Ze względu na wysokie stawki przeładunkowe na terminalu OTEKO w Tamanie, które czynią eksport węgla nieopłacalnym, rosyjskie spółki wydobywcze nie złożyły do portu wniosków kolejowych na luty 2024 roku. Tym samym eksport rosyjskiego węgla przez terminal będzie realizowany co najmniej do marca 2024 r., a eksportowe przewozy kolejowe do portu w okresie styczeń-luty 2024 r. wyniosą zaledwie 1,3 mln ton (-3,2 mln ton, czyli -71,1% w porównaniu do stycznia-lutego 2023 r.).
Ilości węgla przeznaczone do przeładunku w Tamanie są tracone dla rynku eksportowego, gdyż nie można ich przekierować w inne kierunki (północny zachód, daleki wschód i przejścia graniczne) w oparciu o przepisy dotyczące zatwierdzania planów transportu węgla.
Górnicy nalegają na niższe stawki przeładunkowe ze względu na spadające ceny na świecie i ograniczenia logistyczne. Na przełomie stycznia i lutego wstrzymano transport węgla drogą morską z Taman.
Wraz z tendencją spadkową na światowym rynku węgla, Taman stał się niekonkurencyjny w stosunku do innych terminali. Dla gatunków węgla przeznaczonych na eksport stawka może przekroczyć 40 USD/t. Tymczasem w lutym kurs nie zmienił się w stosunku do stycznia i niemal ukształtował się na poziomie z grudnia 2023 r., choć w tym okresie notowania uległy znacznej korekcie w dół.

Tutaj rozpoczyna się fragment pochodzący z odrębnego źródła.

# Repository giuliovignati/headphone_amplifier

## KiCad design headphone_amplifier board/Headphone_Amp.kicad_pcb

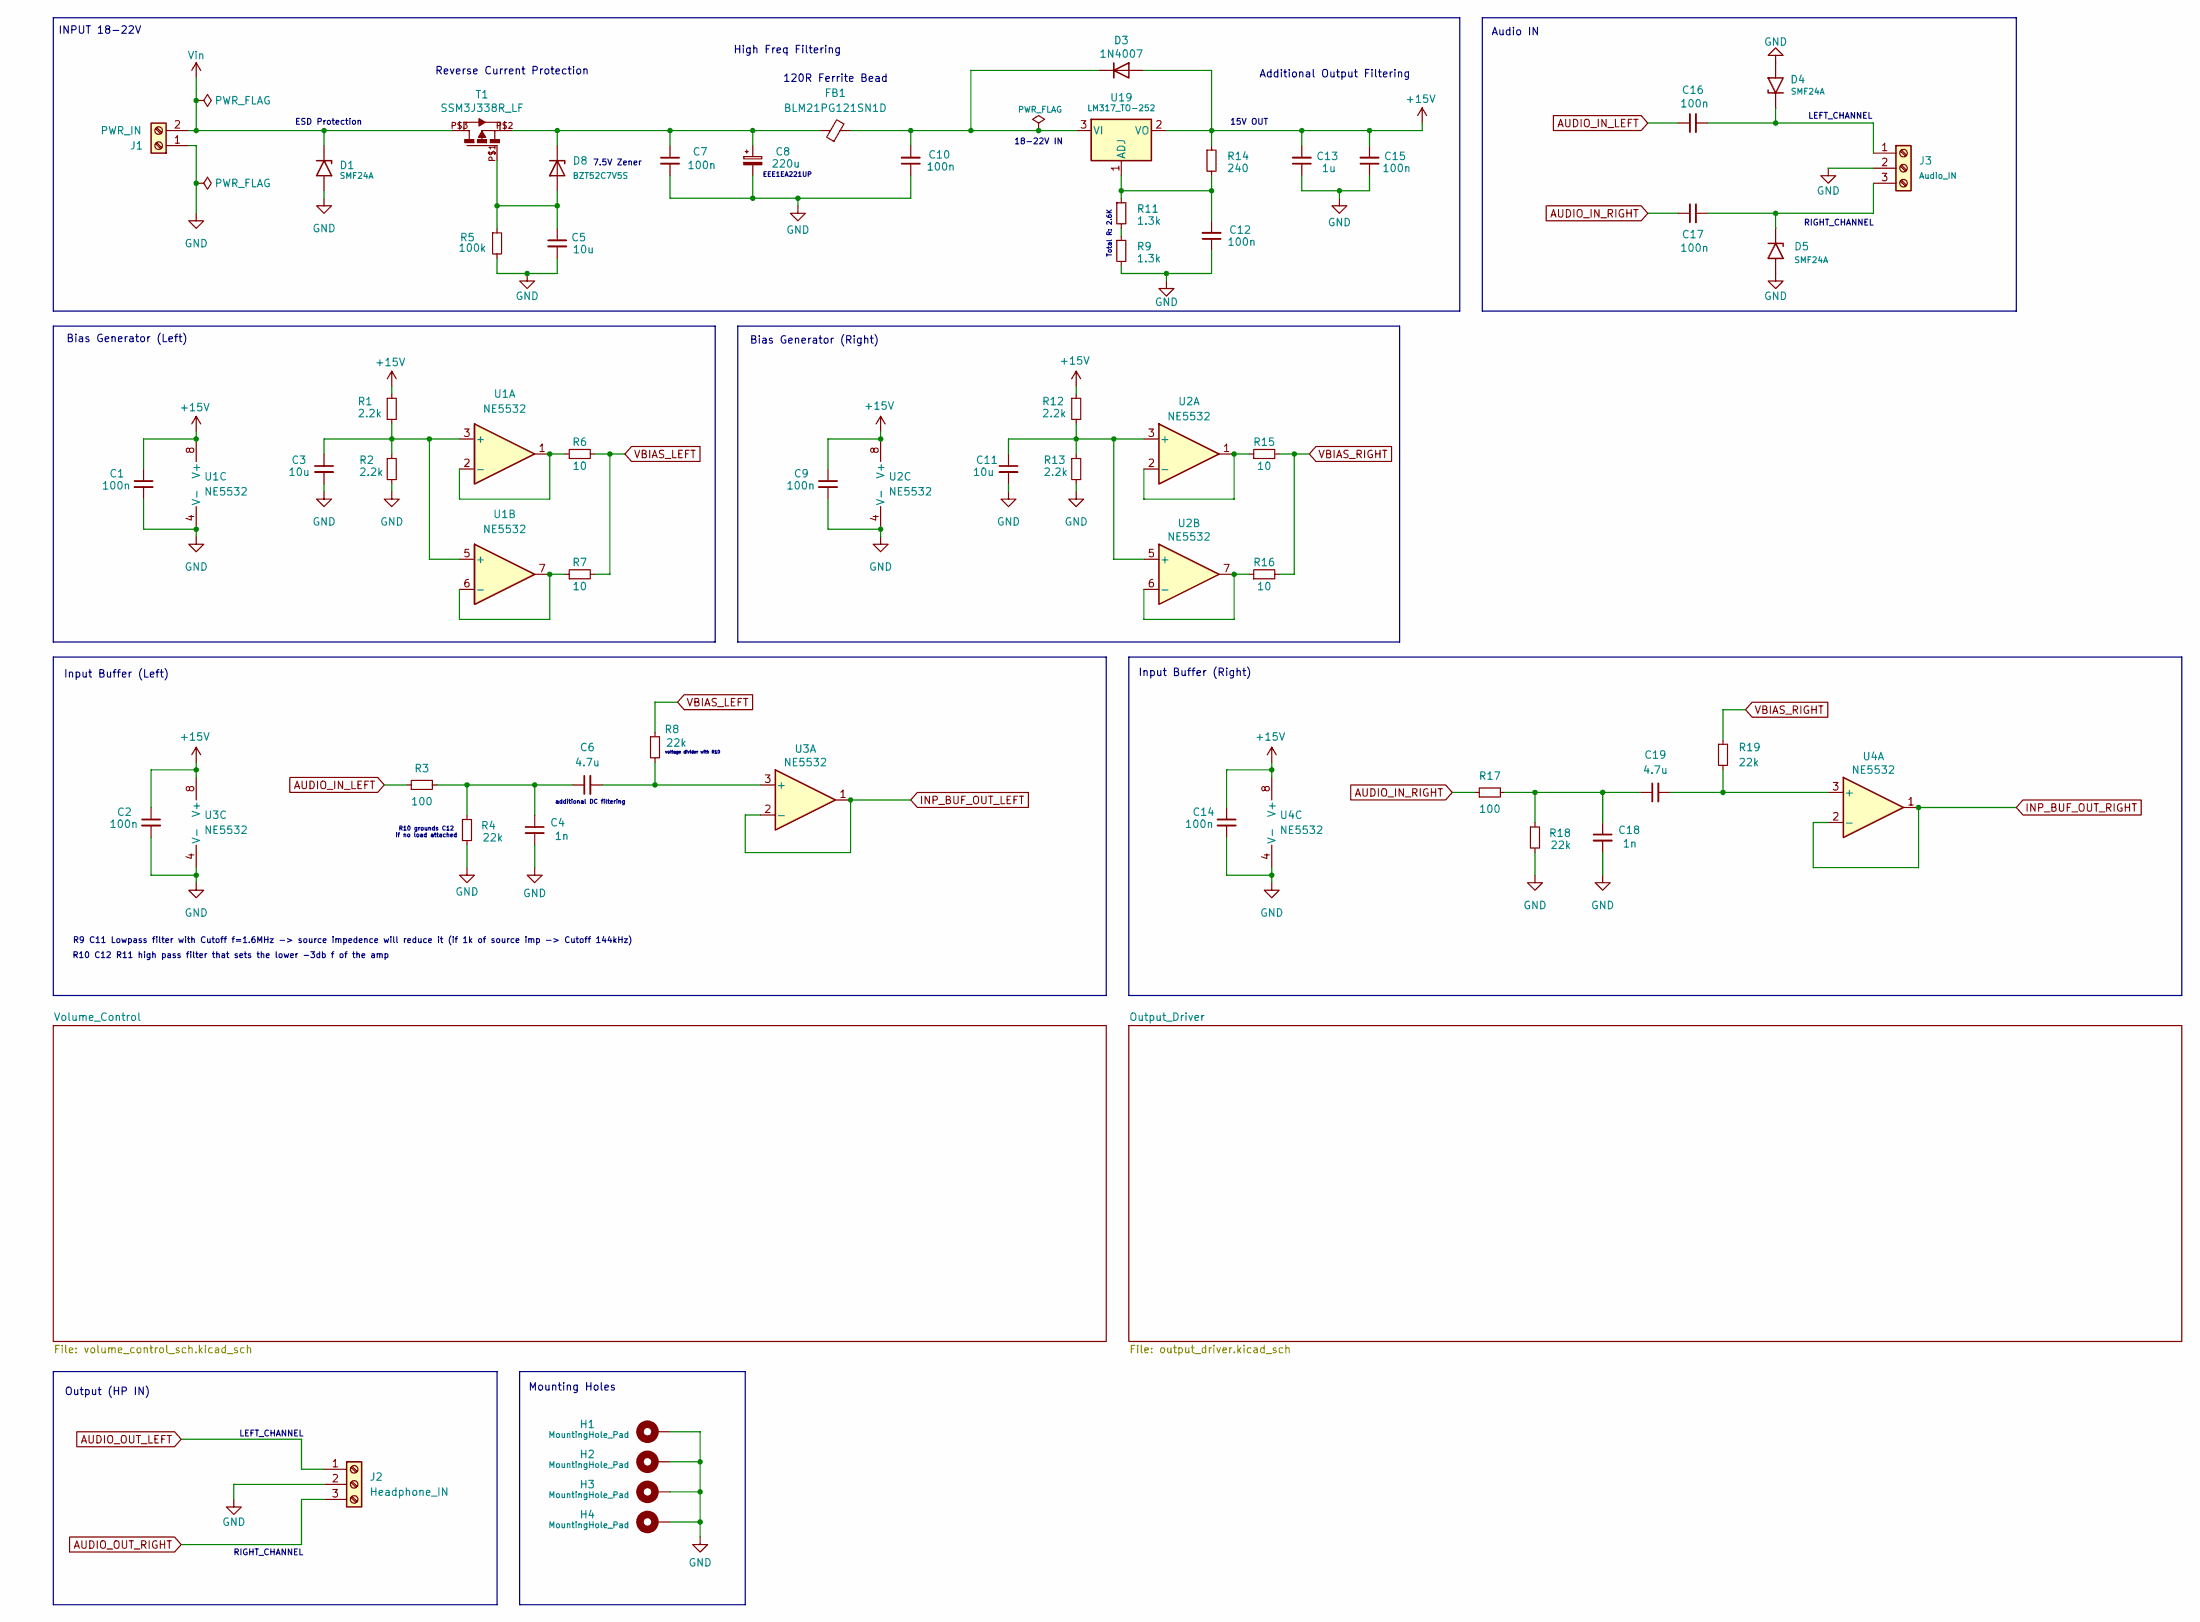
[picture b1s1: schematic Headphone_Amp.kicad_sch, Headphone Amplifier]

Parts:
C1, C2, C7, C9, C10, C12, C14, C15, C16, C17: 100n; C_0805_2012Metric_Pad1.18x1.45mm_HandSolder
C3, C5, C11: 10u; C_0805_2012Metric_Pad1.18x1.45mm_HandSolder
C4, C18: 1n; C_0805_2012Metric_Pad1.18x1.45mm_HandSolder
C6, C19: 4.7u; C_0805_2012Metric_Pad1.18x1.45mm_HandSolder
C8: 220u; EEE1EA221UP
C13: 1u; C_0805_2012Metric_Pad1.18x1.45mm_HandSolder
D1, D4, D5: SMF24A; D_SOD-123
D3: 1N4007; D_SMA
D8: BZT52C7V5S; D_SOD-123F
FB1: BLM21PG121SN1D; C_0805_2012Metric_Pad1.18x1.45mm_HandSolder
H1, H2, H3, H4: MountingHole_Pad; MountingHole_3.2mm_M3_Pad_Via
J1: PWR_IN; TerminalBlock_bornier-2_P5.08mm
J2: Headphone_IN; TerminalBlock_bornier-3_P5.08mm
J3: Audio_IN; TerminalBlock_bornier-3_P5.08mm
R1, R2, R12, R13: 2.2k; R_0805_2012Metric_Pad1.20x1.40mm_HandSolder
R3, R17: 100; R_0805_2012Metric_Pad1.20x1.40mm_HandSolder
R4, R8, R18, R19: 22k; R_0805_2012Metric_Pad1.20x1.40mm_HandSolder
R5: 100k; R_0805_2012Metric_Pad1.20x1.40mm_HandSolder
R6, R7, R15, R16: 10; R_0805_2012Metric_Pad1.20x1.40mm_HandSolder
R9, R11: 1.3k; R_0805_2012Metric_Pad1.20x1.40mm_HandSolder
R14: 240; R_0805_2012Metric_Pad1.20x1.40mm_HandSolder
T1: SSM3J338R_LF
U1, U2, U3, U4: NE5532; SOIC-8_3.9x4.9mm_P1.27mm
U19: LM317_TO-252; SOT-223

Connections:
+15V: C1.1, C2.1, C9.1, C13.2, C14.1, C15.2, D3.2 (A), R1.1, R12.1, R14.1, U1.8 (V+), U2.8 (V+), U3.8 (V+), U4.8 (V+), U19.2 (VO); also elsewhere on the board
AUDIO_IN_LEFT: C16.1, R3.1
AUDIO_IN_RIGHT: C17.1, R17.1
AUDIO_OUT_LEFT: J2.1; also elsewhere on the board
AUDIO_OUT_RIGHT: J2.3; also elsewhere on the board
GND: C1.2, C2.2, C3.2, C4.2, C5.2, C7.2, C8.2, C9.2, C10.1, C11.2, C12.1, C13.1, C14.2, C15.1, C18.2, D1.2 (A2), D4.2 (A2), D5.2 (A2), H1.1, H2.1, H3.1, H4.1, J1.1, J2.2, J3.2, R2.2, R4.2, R5.2, R9.2, R13.2, R18.2, U1.4 (V-), U2.4 (V-), U3.4 (V-), U4.4 (V-); also elsewhere on the board
INP_BUF_OUT_LEFT: U3.1, U3.2 (-); also elsewhere on the board
INP_BUF_OUT_RIGHT: U4.1, U4.2 (-); also elsewhere on the board
unnamed: C4.1, C6.1, R3.2, R4.1
unnamed: C18.1, C19.1, R17.2, R18.1
unnamed: C10.2, D3.1 (K), FB1.2, U19.3 (VI)
unnamed: C16.2, D4.1 (A1), J3.1
unnamed: C17.2, D5.1 (A1), J3.3
unnamed: C5.1, D8.2 (A), R5.1, T1.P$1
unnamed: C7.1, C8.1, D8.1 (K), FB1.1, T1.P$2
unnamed: R9.1, R11.2
unnamed: C3.1, R1.2, R2.1, U1.3 (+), U1.5 (+)
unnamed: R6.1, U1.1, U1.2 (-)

W IV kwartale 2023 roku zanotowano spadek dostaw węgla do Taman. Wolumeny spadły o 14% z 2,1 mln ton we wrześniu do 1,8 mln ton w grudniu. W styczniu 2024 r. dostawy spadły o 28,6% do 1,3 mln ton (-0,5 mln ton w porównaniu do grudnia 2023 r. i -0,9 mln ton w stosunku do stycznia 2023 r.).
W 2023 roku łączny wolumen przeładunków OTECO, którego właścicielem jest Michel Litvak, wyniósł 25,1 mln ton (-4,9 mln ton, czyli -15% r/r).